- Work request: The result should be a word-for-word retyping of the entries below, free of pictures.

- Supplied records:
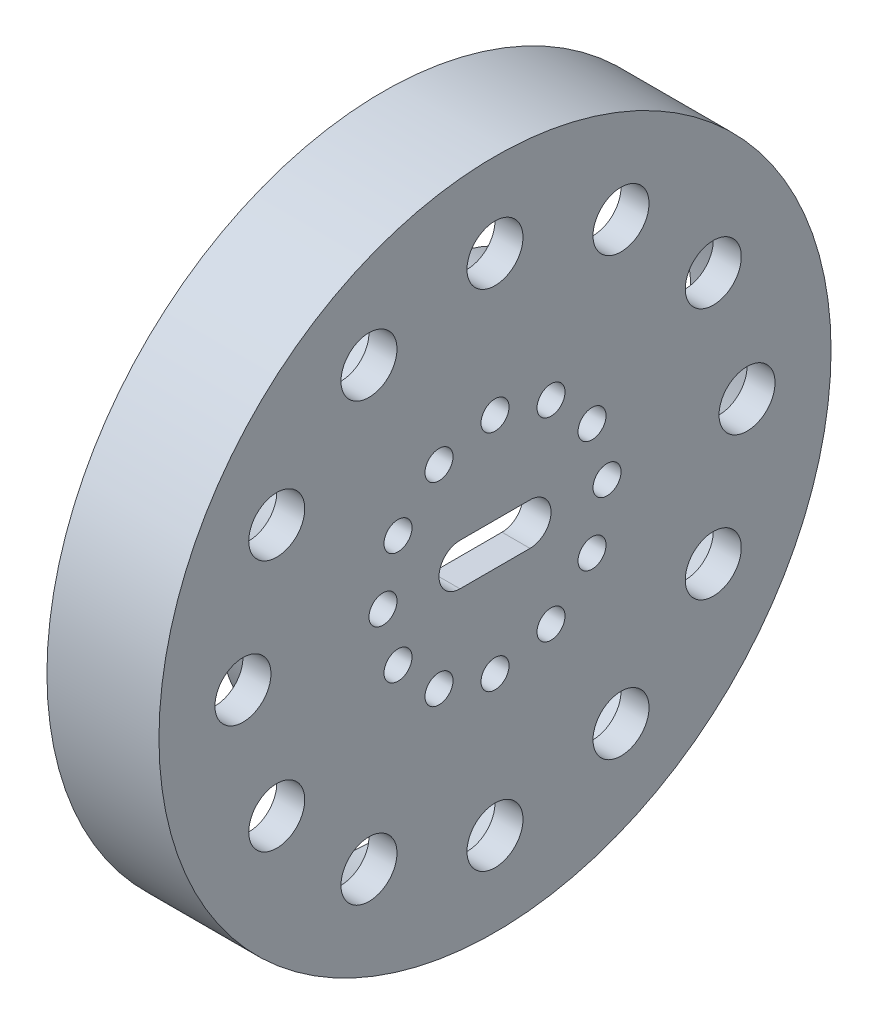
from build123d import *

# Parameters (mm, degrees)
SKETCH2_R          = 6.35
SKETCH2_R_2        = 3.175
CIRCULAR_CUT_DEPTH = 110.433918417
CIRPATTERN_COUNT   = 12
SLOT_CUT_DEPTH     = 110.433918417


with BuildPart() as part:
    # Sketch1 → Revolve 2 (revolve)
    with BuildSketch(Plane.XY, mode=Mode.PRIVATE) as revolve_2_sk:
        Polygon((0, 0), (0, 76.2), (-25.4, 76.2), (-25.4, 69.85), (-6.35, 69.85), (-6.35, 43.954479769), (-19.05, 43.954479769), (-19.05, 38.1), (-6.35, 38.1), (-6.35, 0), align=None)
    revolve(revolve_2_sk.sketch.rotate(Axis((-6.35, 0, 0), (1, 0, 0)), 90), axis=Axis((-6.35, 0, 0), (1, 0, 0)))

    # Sketch2 → Circular Cut (cut, through all)
    with BuildSketch(Plane.ZY.offset(6.35)):
        with Locations((57.15, 0)):
            Circle(SKETCH2_R)
        with Locations((25.4, 0)):
            Circle(SKETCH2_R_2)
    circular_cut = extrude(amount=-CIRCULAR_CUT_DEPTH, mode=Mode.SUBTRACT)

    # CirPattern: Circular Cut ×12 about axis
    cirpattern_axis = Axis((0, 0, 0), (1, 0, 0))
    for i in range(1, CIRPATTERN_COUNT):
        add(circular_cut.rotate(cirpattern_axis, i * 360 / CIRPATTERN_COUNT), mode=Mode.SUBTRACT)

    # Sketch5 → Slot Cut (cut, through all)
    with BuildSketch(Plane.ZY.offset(6.35)):
        with BuildLine():
            Line((-7.9375, 4.7625), (7.9375, 4.7625))
            ThreePointArc((7.9375, 4.7625), (12.7, 0), (7.9375, -4.7625))
            Line((7.9375, -4.7625), (-7.9375, -4.7625))
            ThreePointArc((-7.9375, -4.7625), (-12.7, 0), (-7.9375, 4.7625))
        make_face()
    extrude(amount=-SLOT_CUT_DEPTH, mode=Mode.SUBTRACT)


solid = part.part

- Exercise answer:
from build123d import *

# Parameters (mm, degrees)
SKETCH2_R          = 6.35
SKETCH2_R_2        = 3.175
CIRCULAR_CUT_DEPTH = 110.433918417
CIRPATTERN_COUNT   = 12
SLOT_CUT_DEPTH     = 110.433918417


with BuildPart() as part:
    # Sketch1 → Revolve 2 (revolve)
    with BuildSketch(Plane.XY, mode=Mode.PRIVATE) as revolve_2_sk:
        Polygon((0, 0), (0, 76.2), (-25.4, 76.2), (-25.4, 69.85), (-6.35, 69.85), (-6.35, 43.954479769), (-19.05, 43.954479769), (-19.05, 38.1), (-6.35, 38.1), (-6.35, 0), align=None)
    revolve(revolve_2_sk.sketch.rotate(Axis((-6.35, 0, 0), (1, 0, 0)), 90), axis=Axis((-6.35, 0, 0), (1, 0, 0)))

    # Sketch2 → Circular Cut (cut, through all)
    with BuildSketch(Plane.ZY.offset(6.35)):
        with Locations((57.15, 0)):
            Circle(SKETCH2_R)
        with Locations((25.4, 0)):
            Circle(SKETCH2_R_2)
    circular_cut = extrude(amount=-CIRCULAR_CUT_DEPTH, mode=Mode.SUBTRACT)

    # CirPattern: Circular Cut ×12 about axis
    cirpattern_axis = Axis((0, 0, 0), (1, 0, 0))
    for i in range(1, CIRPATTERN_COUNT):
        add(circular_cut.rotate(cirpattern_axis, i * 360 / CIRPATTERN_COUNT), mode=Mode.SUBTRACT)

    # Sketch5 → Slot Cut (cut, through all)
    with BuildSketch(Plane.ZY.offset(6.35)):
        with BuildLine():
            Line((-7.9375, 4.7625), (7.9375, 4.7625))
            ThreePointArc((7.9375, 4.7625), (12.7, 0), (7.9375, -4.7625))
            Line((7.9375, -4.7625), (-7.9375, -4.7625))
            ThreePointArc((-7.9375, -4.7625), (-12.7, 0), (-7.9375, 4.7625))
        make_face()
    extrude(amount=-SLOT_CUT_DEPTH, mode=Mode.SUBTRACT)


solid = part.part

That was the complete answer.